If the Democrats are to recover, they must learn from the mistakes they made in nominating a flawed candidate such as Hillary Clinton,  along with also suffering loses when running as a Republican-lite party in 2010 and 2014. It does no good to claim Clinton did nothing wrong in the email/Foundation scandals as many Clinton supporters still argue, or to place the blame on others for losing the election.

5 Comments

  1. 1
    SocraticGadfly says:

    Or if the DNC hadn't had such crappy computer security. Remember the Bernie staffer a year ago? Remember that, already then, on those servers, that was NOT the first time that DGP VAN had been a fail? Remember that DGP VAN was a DNC insider?

  2. 2
    Philo Vaihinger says:

    Actually, she got way more votes than Il Duce, but, as you know, the votes of Californians and New Yorkers just don't count as much as those of Montanans, Dakotans, or Alabamans.

    And Republicans have for days been assuring everyone with a straight face that that is as it should be.

    A feature, not a bug.

    And certainly not, er, rigged.

  3. 3
    Ron Chusid says:

    Philio, I agree 1) that the president should be elected by popular vote and 2) that the Republican argument discounting California and New York are nonsense. Every vote should count, and count equally.

    However, Clinton’s win in the popular vote doesn’t mean much. The election was conducted based upon the electoral vote system and candidates based their strategy based upon this–or at least Trump did. They would have campaigned differently if the winner was based upon the popular vote. Trump would have used a different strategy if the election was based upon the popular vote. He would have campaigned in states such as New York and California where he didn’t bother, and possibly would have campaigned to have higher turnout in red states. There is no way to say who would have won if the election was based upon the popular vote.

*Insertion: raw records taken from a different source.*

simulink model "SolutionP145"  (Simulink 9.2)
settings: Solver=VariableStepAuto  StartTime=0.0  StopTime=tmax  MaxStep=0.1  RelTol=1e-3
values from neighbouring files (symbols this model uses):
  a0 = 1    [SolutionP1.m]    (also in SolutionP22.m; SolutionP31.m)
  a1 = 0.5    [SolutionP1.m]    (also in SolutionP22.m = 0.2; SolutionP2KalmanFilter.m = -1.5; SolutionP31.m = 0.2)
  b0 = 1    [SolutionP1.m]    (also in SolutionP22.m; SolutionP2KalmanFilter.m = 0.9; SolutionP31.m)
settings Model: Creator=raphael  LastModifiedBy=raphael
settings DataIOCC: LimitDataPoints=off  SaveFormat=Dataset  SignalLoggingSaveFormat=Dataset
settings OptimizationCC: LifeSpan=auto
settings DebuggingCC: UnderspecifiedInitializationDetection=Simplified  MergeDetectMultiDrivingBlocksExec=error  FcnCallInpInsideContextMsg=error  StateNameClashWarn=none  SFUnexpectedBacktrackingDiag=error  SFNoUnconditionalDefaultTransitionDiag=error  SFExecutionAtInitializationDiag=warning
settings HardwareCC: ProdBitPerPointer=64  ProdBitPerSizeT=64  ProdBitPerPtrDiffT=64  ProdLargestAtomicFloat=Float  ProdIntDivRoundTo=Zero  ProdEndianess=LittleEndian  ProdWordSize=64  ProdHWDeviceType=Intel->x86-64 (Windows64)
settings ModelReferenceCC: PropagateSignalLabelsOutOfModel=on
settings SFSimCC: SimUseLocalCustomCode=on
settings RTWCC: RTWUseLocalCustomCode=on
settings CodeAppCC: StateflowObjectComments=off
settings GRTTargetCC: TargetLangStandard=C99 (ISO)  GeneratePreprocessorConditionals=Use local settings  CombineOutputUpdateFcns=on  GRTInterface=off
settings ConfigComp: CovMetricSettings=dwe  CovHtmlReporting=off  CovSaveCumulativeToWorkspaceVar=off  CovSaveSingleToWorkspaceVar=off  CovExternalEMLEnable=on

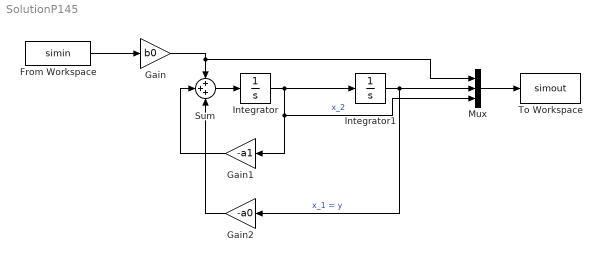
== system SolutionP145 ==
  From Workspace : FromWorkspace  VariableName=simin  SampleTime=0
  Gain : Gain  Gain=b0
  Gain1 : Gain  Gain=-a1
  Gain2 : Gain  Gain=-a0
  Integrator : Integrator
  Integrator1 : Integrator
  Mux : Mux  Inputs=3
  Sum : Sum  Inputs=+++
  To Workspace : ToWorkspace  VariableName=simout  SaveFormat=Timeseries  SampleTime=-1
  wires:
  Sum/1 -> Integrator/1
  Integrator/1 -> Integrator1/1, Mux/3, Gain1/1  "x_2"
  Gain1/1 -> Sum/2
  Gain/1 -> Mux/1, Sum/1
  From Workspace/1 -> Gain/1
  Integrator1/1 -> Gain2/1, Mux/2  "x_1 = y"
  Gain2/1 -> Sum/3
  Mux/1 -> To Workspace/1
simulink model "Cart_pole_simulation"  (R2025b)
settings: Solver=daessc  StartTime=0.0  StopTime=10  RelTol=1e-3
values from neighbouring files (symbols this model uses):
  N = 40    [cart_pole_ocp.m]    (also in minimal_example_closed_loop.m = 20)
  nu = length(model.u)    [cart_pole_ocp.m]    (also in minimal_example_closed_loop.m = model.u.rows())
  ny_0 = nu    [cart_pole_ocp.m]
  T = 1    [cart_pole_ocp.m]    (also in minimal_example_closed_loop.m = shooting_nodes(end))
undefined symbols (not defined in the file or in its folder): X, Y, Z
libraries: sm_lib x40, nesl_utility x19
(part 2 of 2)

== matlab function Cart_pole_simulation/MATLAB Function ==
  data: ang input; ang_wrapped output
function ang_wrapped = wrapTo2PiCustom(ang)
% wrapTo2PiCustom Envuelve ángulos al rango [0, 2*pi)
%
%   ang_wrapped = wrapTo2PiCustom(ang)
%
%   ang puede ser escalar, vector o matriz (en radianes)

    ang_wrapped = mod(ang, 2*pi);

    % Asegura que 2*pi no aparezca (opcional, por consistencia matemática)
    ang_wrapped(ang_wrapped == 2*pi) = 0;
end
simulink model "flightControlSystem"  (R2023a)
settings: Solver=ode3  StartTime=0  StopTime=TFinal  FixedStep=Ts  RelTol=1e-3  EnableMultiTasking=on
undefined symbols (not defined in the file): codertarget, COG_X, COG_Y, Controller, degree_range1, degree_range2, degree_range3, DiscIntNeverNeededParam, Discrete, Estimator, g, gray, init, num_threshold, prev_degree_range, prev_degree_range2, radius, radius2, ROI_Size, rotation_degree, rotation_degree2, Sensors, straight_threshold, strel, Time, Ts, var_acc_angle_N, var_bias_gyr_N, var_gyro_p_N, Vehicle
libraries: simulink x41, slpidlib x4, ctrlSharedLib x4, sharedtransform x3, visionmorphops x2, visiontransforms x2, visiontextngfix x2, simulink_need_slupdate x1, parrotlib x1, visionanalysis x1
(part 4 of 4)

== matlab function flightControlSystem/Image Processing System/MATLAB Function4 ==
  data: bin_image input; prev_ref input; y output; ref1 input; ref2 input; corner input; flag_corner input; COG_X parameter; COG_Y parameter
function y = fcn(bin_image, prev_ref,ref1,ref2,corner, flag_corner,COG_X, COG_Y)
y = zeros(120,160,3);

for i=1:120
    for j=1:160
        if bin_image(i,j)
            y(i,j,:) = [255 255 255];
        end
    end
end

% C = round([corner(1);corner(2)]);% blue
% P = round([prev_ref(1,1);prev_ref(1,2)]);% yellow
R1 = round([COG_X-ref1(1);ref1(2)+COG_Y]);% red
R2 = round([COG_X-ref2(1);ref2(2)+COG_Y]);% purple
% if flag_corner
%     for i = C(1)-1:C(1)+1
%         for j=C(2)-1:C(2)+1
%             if i>=1 && i<=120 && j>=1 && j<=160
%             y(i,j,:)=[0 0 255]; 
%             end
%         end
%     end
% end
% for i = P(1)-1:P(1)+1
%     for j=P(2)-1:P(2)+1
%         if i>=1 && i<=120 && j>=1 && j<=160
%             y(i,j,:)=[200 200 0]; 
%         end
%     end
% end
for i = R1(1)-1:R1(1)+1
    for j=R1(2)-1:R1(2)+1
        if i>=1 && i<=120 && j>=1 && j<=160
            y(i,j,:)=[255 0 0]; 
        end
    end
end
for i = R2(1)-1:R2(1)+1
    for j=R2(2)-1:R2(2)+1
        if i>=1 && i<=120 && j>=1 && j<=160
            y(i,j,:)=[200 0 200]; 
        end
    end
end

% Drone pos
for i = COG_X-1:COG_X+1
    for j=COG_Y-1:COG_Y+1
        if i>=1 && i<=120 && j>=1 && j<=160 && mod(i+j,2)==0
            y(i,j,:)=[0 0 255]; 
        end
    end
end

== matlab function flightControlSystem/Image Processing System/MATLAB Function5 ==
  data: u input; R output; G output; B output
function [R,G,B] = fcn(u)
R = u(:,:,1);
G = u(:,:,2);
B = u(:,:,3);

== matlab function flightControlSystem/Image Processing System/corner detection1/delete_segment1 ==
  data: bin_image input; seg_image output; COG_X parameter; COG_Y parameter
function seg_image = delete_segment(bin_image,COG_X, COG_Y)
L = bwlabel(bin_image,8);
label = L(COG_X,COG_Y);
if label==0
    label = 1;
end
seg_image = L==label;

== matlab function flightControlSystem/Image Processing System/corner detection1/straight line detector/center_line maker ==
  data: center_lines output; flag_corner output; Theta input; Rho input; cnt input; label input; error output
function [center_lines, flag_corner, error] = fcn(Theta, Rho, cnt, label)
    % cnt에 따라 케이스 나누기
    % cnt = 0일 때 오류 => error = 1;
    % cnt = 1일 때 오류 => error = 1;
    % cnt = 2일 때 flag_corner=0 그리고 center_lines 1개 뽑기
    % cnt = 3일 때 flag_corner=1 그리고 center_lines 1개 뽑기(동일한 theta값 외에 한 직선은 무시하는 알고리즘 필요)
    % cnt = 4일 때 flag_corner=1 그리고 center_lines 2개 뽑기
    center_lines = zeros(2,2);
    flag_corner = 0;
    error = 0;
    if cnt == 0 || cnt == 1
        error = 1;
    elseif cnt == 2
        idx1 = find(label==1,1);
        rho1 = Rho(idx1(1));
        theta1 = Theta(idx1(1));
        idx2 = find(label==2,1);
        rho2 = Rho(idx2(1));
        theta2 = Theta(idx2(1));
        if min(abs(theta1 - theta2),180-abs(theta1 - theta2)) <deg2rad(10)
            center_lines(1,1) = (rho1+rho2)/2;
            center_lines(1,2) = (theta1+theta2)/2;
        else
            error = 1;
        end
    elseif cnt == 3
        flag_corner = 1;
        idx1 = find(label==1,1);
        rho1 = Rho(idx1(1));
        theta1 = Theta(idx1(1));
        idx2 = find(label==2,1);
        rho2 = Rho(idx2(1));
        theta2 = Theta(idx2(1));
        idx3 = find(label==3,1);
        rho3 = Rho(idx3(1));
        theta3 = Theta(idx3(1));
        if min(abs(theta1 - theta2),180-abs(theta1 - theta2)) <deg2rad(10)
            center_lines(1,1) = (rho1+rho2)/2;
            center_lines(1,2) = (theta1+theta2)/2;
        elseif min(abs(theta1 - theta3),180-abs(theta1 - theta3)) <deg2rad(10)
            center_lines(1,1) = (rho1+rho3)/2;
            center_lines(1,2) = (theta1+theta3)/2;
        elseif min(abs(theta2 - theta3),180-abs(theta2 - theta3)) <deg2rad(10)
            center_lines(1,1) = (rho2+rho3)/2;
            center_lines(1,2) = (theta2+theta3)/2;
        else
            error = 1;
        end
    elseif cnt == 4
        flag_corner = 1;
        idx1 = find(label==1,1);
        rho1 = Rho(idx1(1));
        theta1 = Theta(idx1(1));
        idx2 = find(label==2,1);
        rho2 = Rho(idx2(1));
        theta2 = Theta(idx2(1));
        idx3 = find(label==3,1);
        rho3 = Rho(idx3(1));
        theta3 = Theta(idx3(1));
        idx4 = find(label==4,1);
        rho4 = Rho(idx4(1));
        theta4 = Theta(idx4(1));
        if min(abs(theta1 - theta2),180-abs(theta1 - theta2)) <deg2rad(10)
            center_lines(1,1) = (rho1+rho2)/2;
            center_lines(1,2) = (theta1+theta2)/2;
            
            center_lines(2,1) = (rho3+rho4)/2;
            center_lines(2,2) = (theta3+theta4)/2;
        elseif min(abs(theta1 - theta3),180-abs(theta1 - theta3)) <deg2rad(10)
            center_lines(1,1) = (rho1+rho3)/2;
            center_lines(1,2) = (theta1+theta3)/2;
        
            center_lines(2,1) = (rho2+rho4)/2;
            center_lines(2,2) = (theta2+theta4)/2;
        elseif min(abs(theta1 - theta4),180-abs(theta1 - theta4)) <deg2rad(10)
            center_lines(1,1) = (rho1+rho4)/2;
            center_lines(1,2) = (theta1+theta4)/2;
            
            center_lines(2,1) = (rho2+rho3)/2;
            center_lines(2,2) = (theta2+theta3)/2;
        else
            error = 1;
        end
    end

== matlab function flightControlSystem/Image Processing System/corner detection1/straight line detector/corner_finder ==
  data: center_Pts input; corner output; cnt input
function corner = fcn(center_Pts,cnt)
corner = zeros(1,2);
if cnt==4
    % Define the points on the first line
    P1 = [center_Pts(1,1) center_Pts(1,2)];
    P2 = [center_Pts(1,3) center_Pts(1,4)];
    % Define the points on the second line
    Q1 = [center_Pts(2,1) center_Pts(2,2)];
    Q2 = [center_Pts(2,3) center_Pts(2,4)];
    if P2(1) - P1(1) == 0 % The first line is vertical
        % Calculate the slope and y-intercept of the second line
        slope_Q = (Q2(2) - Q1(2)) / (Q2(1) - Q1(1));
        y_intercept2 = Q1(2) - slope_Q * Q1(1);

        % Calculate the intersection point
        x_intersect = P1(1);
        y_intersect = slope_Q * x_intersect + y_intercept2;
    elseif Q2(1) - Q1(1) == 0 % The second line is vertical
        % Calculate the slope and y-intercept of the first line
        slope_P = (P2(2) - P1(2)) / (P2(1) - P1(1));
        y_intercept1 = P1(2) - slope_P * P1(1);

        % Calculate the intersection point
        x_intersect = Q1(1);
        y_intersect = slope_P * x_intersect + y_intercept1;
    else % Both lines are not vertical
        % Calculate the slope and y-intercept of each line
        slope_P = (P2(2) - P1(2)) / (P2(1) - P1(1));
        y_intercept1 = P1(2) - slope_P * P1(1);
        slope_Q = (Q2(2) - Q1(2)) / (Q2(1) - Q1(1));
        y_intercept2 = Q1(2) - slope_Q * Q1(1);

        % Calculate the intersection point
        x_intersect = (y_intercept2 - y_intercept1) / (slope_P - slope_Q);
        y_intersect = slope_P * x_intersect + y_intercept1;
    end
    % Output the intersection point
    corner = [y_intersect, x_intersect];
end

== matlab function flightControlSystem/Image Processing System/corner detection1/straight line detector/hough trans of center lines ==
  data: center_lines input; Theta output; Rho output
function [Theta,Rho] = fcn(center_lines)
    Theta = center_lines(:,2);
    Rho = center_lines(:,1);

== matlab function flightControlSystem/Image Processing System/corner detection1/straight line detector/hough trans ==
  data: edge_image input; Theta output; Rho output; cnt output; label output
function [Theta,Rho,cnt,label] = fcn(edge_image)
    [H,T,R] = hough(edge_image);
    P = houghpeaks(H,4,'Threshold',0.3*max(H(:)),'NHoodSize',[19 19]);
    Theta = zeros(4,1);
    Rho = zeros(4,1);
    n = size(P,1);
    for i=1:n
        Rho(i) = R(P(i,1));
        Theta(i) = deg2rad(T(P(i,2)));
    end
    cnt = 0; %서로 다른 라인의 개수
    label = zeros(4,1); %같은 라인끼리 묶는 집합
    for i = 1:n
        if label(i)==0
            cnt = cnt + 1;
            label(i) = cnt;
            if i<n
                for j = i+1:n
                    if label(j) == 0 && abs(Rho(i)-Rho(j))<10 && min(180-abs(Theta(i)-Theta(j)),abs(Theta(i)-Theta(j)))<deg2rad(10)
                            label(j) = cnt;
                    end
                end
            end
        end
    end
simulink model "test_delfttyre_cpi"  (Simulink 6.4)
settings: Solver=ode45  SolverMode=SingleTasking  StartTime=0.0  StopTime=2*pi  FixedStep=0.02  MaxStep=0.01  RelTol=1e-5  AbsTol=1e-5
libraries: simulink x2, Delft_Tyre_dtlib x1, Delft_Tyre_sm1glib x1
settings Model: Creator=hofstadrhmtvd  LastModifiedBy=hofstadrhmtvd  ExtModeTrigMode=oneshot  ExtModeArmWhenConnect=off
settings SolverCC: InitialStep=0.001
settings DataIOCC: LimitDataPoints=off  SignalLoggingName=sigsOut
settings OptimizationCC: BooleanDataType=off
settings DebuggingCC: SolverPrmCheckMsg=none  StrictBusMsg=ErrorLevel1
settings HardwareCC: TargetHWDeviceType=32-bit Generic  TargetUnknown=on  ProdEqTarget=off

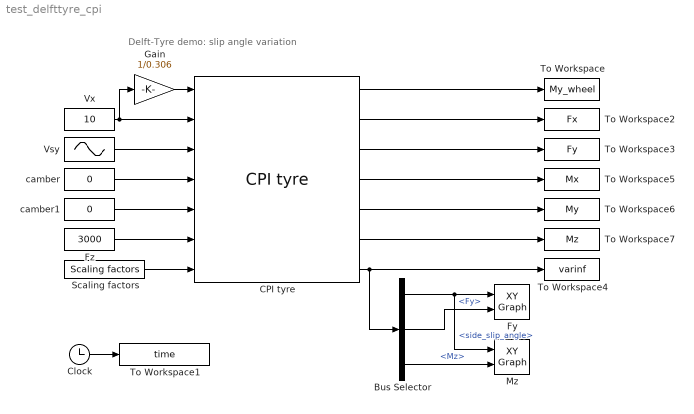
== system test_delfttyre_cpi ==
  note: Delft-Tyre demo: slip angle variation
  Bus Selector : BusSelector  OutputSignals=side_slip_angle,Fy,Mz
  CPI tyre : Delft_Tyre_dtlib/Simulink/CPI tyre  Tag=CPI tyre  SystemSampleTime=-1  idtyre=1  tpfname='TNO_car205_60R15.tir'  side_mode=(3xxx) symmetric  dyn_mode=(xx0x) steady-state  mf_mode=(xxx4) combined  use_mode=1e8  disp_debug=off
  Clock : Clock
      settings: Decimation=10
  Fy : simulink/Sinks/XY Graph  SystemSampleTime=-1  xmin=-0.2  xmax=0.2  ymin=-3500  ymax=3500  st=-1
  Fz : Constant  Value=3000  OutDataType=sfix(16)  ConRadixGroup=Use specified scaling  OutScaling=2^0  SampleTime=inf  FramePeriod=inf
  Gain : Gain  Gain=1/0.306  SaturateOnIntegerOverflow=on
  Mz : simulink/Sinks/XY Graph  SystemSampleTime=-1  xmin=-0.2  xmax=0.2  ymin=-50  ymax=50  st=-1
  Scaling factors : Delft_Tyre_sm1glib/SimMechanics 1G/Scaling factors  Tag=Scaling factors  SystemSampleTime=-1  LMUX=1  LKX=1  LMUY=1  LKY=1  LKYC=1  LTR=1  LKZC=1
  To Workspace : ToWorkspace  VariableName=My_wheel  SampleTime=-1  SaveFormat=Array
  To Workspace1 : ToWorkspace  VariableName=time  SampleTime=-1  SaveFormat=Array
  To Workspace2 : ToWorkspace  VariableName=Fx  SampleTime=-1  SaveFormat=Array
  To Workspace3 : ToWorkspace  VariableName=Fy  SampleTime=-1  SaveFormat=Array
  To Workspace4 : ToWorkspace  VariableName=varinf  SampleTime=-1  SaveFormat=Array
  To Workspace5 : ToWorkspace  VariableName=Mx  SampleTime=-1  SaveFormat=Array
  To Workspace6 : ToWorkspace  VariableName=My  SampleTime=-1  SaveFormat=Array
  To Workspace7 : ToWorkspace  VariableName=Mz  SampleTime=-1  SaveFormat=Array
  Vsy : Sin  Amplitude=2  SampleTime=0
  Vx : Constant  Value=10  OutDataType=sfix(16)  ConRadixGroup=Use specified scaling  OutScaling=2^0  SampleTime=inf  FramePeriod=inf
  camber : Constant  Value=0  OutDataType=sfix(16)  ConRadixGroup=Use specified scaling  OutScaling=2^0  SampleTime=inf  FramePeriod=inf
  camber1 : Constant  Value=0  OutDataType=sfix(16)  ConRadixGroup=Use specified scaling  OutScaling=2^0  SampleTime=inf  FramePeriod=inf
  wires:
  Clock/1 -> To Workspace1/1
  Scaling factors/1 -> CPI tyre/7
  Vsy/1 -> CPI tyre/3
  camber/1 -> CPI tyre/4
  Fz/1 -> CPI tyre/6
  CPI tyre/1 -> To Workspace/1
  CPI tyre/2 -> To Workspace2/1
  CPI tyre/3 -> To Workspace3/1
  CPI tyre/4 -> To Workspace5/1
  CPI tyre/6 -> To Workspace7/1
  CPI tyre/5 -> To Workspace6/1
  Vx/1 -> Gain/1, CPI tyre/2
  CPI tyre/7 -> To Workspace4/1, Bus Selector/1
  Bus Selector/1 -> Fy/1, Mz/1  "<side_slip_angle>"
  Bus Selector/2 -> Fy/2  "<Fy>"
  Bus Selector/3 -> Mz/2  "<Mz>"
  Gain/1 -> CPI tyre/1
  camber1/1 -> CPI tyre/5

    The only rigging was in the Democratic nomination. The general election was not rigged. Trump won fairly based upon the rules in effect while Clinton supporters are making up arguments to deny the results of the election–exactly what they complained that Trump would do before the election.

  4. 4
    Ron Chusid says:

    SocraticGadfly. Plus it looks like they fell for a rather basic phishing scheme, and blew it with what they now say was a typo, (writing legitimate instead of illegitimate in response to a question as to whether they should respond to the phishing email). It is hard to say how much the Wikileaks email mattered as it primarily provided evidence of what critics of Clinton from the left already were pretty sure was going on.

  5. 5
    Ron Chusid says:

    Looks like BPI Campus (per the Trackback) is in denial of how awful a candidate Clinton was. The simple fact that she lost to Trump should be enough to convince people of that. I don’t know if Sanders would have won in a landslide, but the polling data suggests he would have won. We also know that, compared to Clinton, Sanders could pull in crowds, get the young voters to turn out in better numbers, and had more support in both the swing states and the rust belt. Plus with Bernie there would have been no scandals, no FBI investigations, and no embarrassing revelations about how the DNC rigged the nomination battle. Sanders probably could have beaten Trump and lead the Democrats to take control of the Senate–which is probably true of pretty much any possible candidate other than Clinton.